(Stored dataset items)
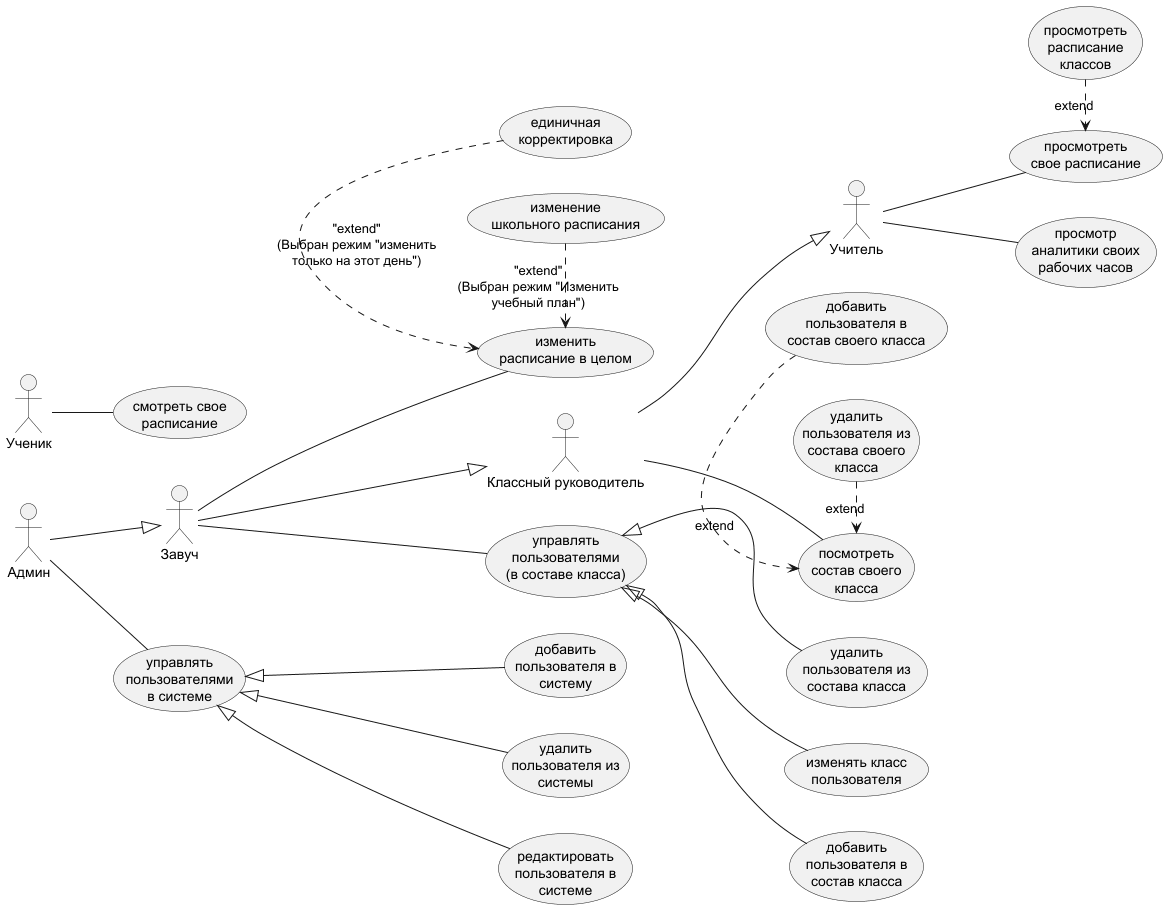

The diagram above was rendered by PlantUML. Its source (embedded in the PNG):
@startuml
' Настройка стиля, чтобы диаграмма располагалась слева направо
left to right direction

' Объявление актеров (Actors)
actor "Админ" as admin
actor "Завуч" as zavuch
actor "Классный руководитель" as klass_ruk
actor "Учитель" as teacher
actor "Ученик" as student

' Иерархия актеров (Стрелки наследования)
admin --|> zavuch
zavuch --|> klass_ruk
klass_ruk --|> teacher

' Права для Админа
usecase "управлять\nпользователями\nв системе" as uc_manage_users
usecase "добавить\nпользователя в\nсистему" as uc_add_user
usecase "удалить\nпользователя из\nсистемы" as uc_del_user
usecase "редактировать\nпользователя в\nсистеме" as uc_edit_user

' Права для Завуча
usecase "изменить\nрасписание в целом" as uc_change_schedule
usecase "единичная\nкорректировка" as uc_single_corr
usecase "изменение\nшкольного расписания" as uc_curriculum_change

usecase "управлять\nпользователями\n(в составе класса)" as uc_manage_class_users
usecase "добавить\nпользователя в\nсостав класса" as uc_add_to_class
usecase "удалить\nпользователя из\nсостава класса" as uc_del_from_class
usecase "изменять класс\nпользователя" as uc_change_user_class

' Права для Классного руководителя
usecase "посмотреть\nсостав своего\nкласса" as uc_view_own_class
usecase "добавить\nпользователя в\nсостав своего класса" as uc_add_to_own_class
usecase "удалить\nпользователя из\nсостава своего\nкласса" as uc_del_from_own_class

' Права для Учителя
usecase "просмотреть\nсвое расписание" as uc_view_schedule
usecase "просмотреть\nрасписание\nклассов" as uc_view_class_schedule
usecase "просмотр\nаналитики своих\nрабочих часов" as uc_view_analytics

' Права для Ученика
usecase "смотреть свое\nрасписание" as uc_student_schedule

' --- СВЯЗИ И СТРЕЛКИ ---

' Связи Админа
admin -- uc_manage_users
uc_manage_users <|-- uc_add_user
uc_manage_users <|-- uc_del_user
uc_manage_users <|-- uc_edit_user

' Связи Завуча
zavuch -- uc_change_schedule
uc_single_corr .> uc_change_schedule : "extend"\n(Выбран режим "изменить\nтолько на этот день")
uc_curriculum_change .> uc_change_schedule : "extend"\n(Выбран режим "Изменить\nучебный план")

zavuch -- uc_manage_class_users
uc_manage_class_users <|-- uc_add_to_class
uc_manage_class_users <|-- uc_del_from_class
uc_manage_class_users <|-- uc_change_user_class

' Связи Классного руководителя
klass_ruk -- uc_view_own_class
uc_add_to_own_class .> uc_view_own_class : "extend"
uc_del_from_own_class .> uc_view_own_class : "extend"

' Связи Учителя
teacher -- uc_view_schedule
uc_view_class_schedule .> uc_view_schedule : "extend"
teacher -- uc_view_analytics

' Связи Ученика
student -- uc_student_schedule

@enduml

> _INSTRUCTIONS FOR THE TASK_:
Of all the entries above, output exactly the lines between the one holding "Права для Завуча" and the one holding "для Классного руководителя", inclusive.

> _RESPONSE FOR THIS EXERCISE_:
' Права для Завуча
usecase "изменить\nрасписание в целом" as uc_change_schedule
usecase "единичная\nкорректировка" as uc_single_corr
usecase "изменение\nшкольного расписания" as uc_curriculum_change

usecase "управлять\nпользователями\n(в составе класса)" as uc_manage_class_users
usecase "добавить\nпользователя в\nсостав класса" as uc_add_to_class
usecase "удалить\nпользователя из\nсостава класса" as uc_del_from_class
usecase "изменять класс\nпользователя" as uc_change_user_class

' Права для Классного руководителя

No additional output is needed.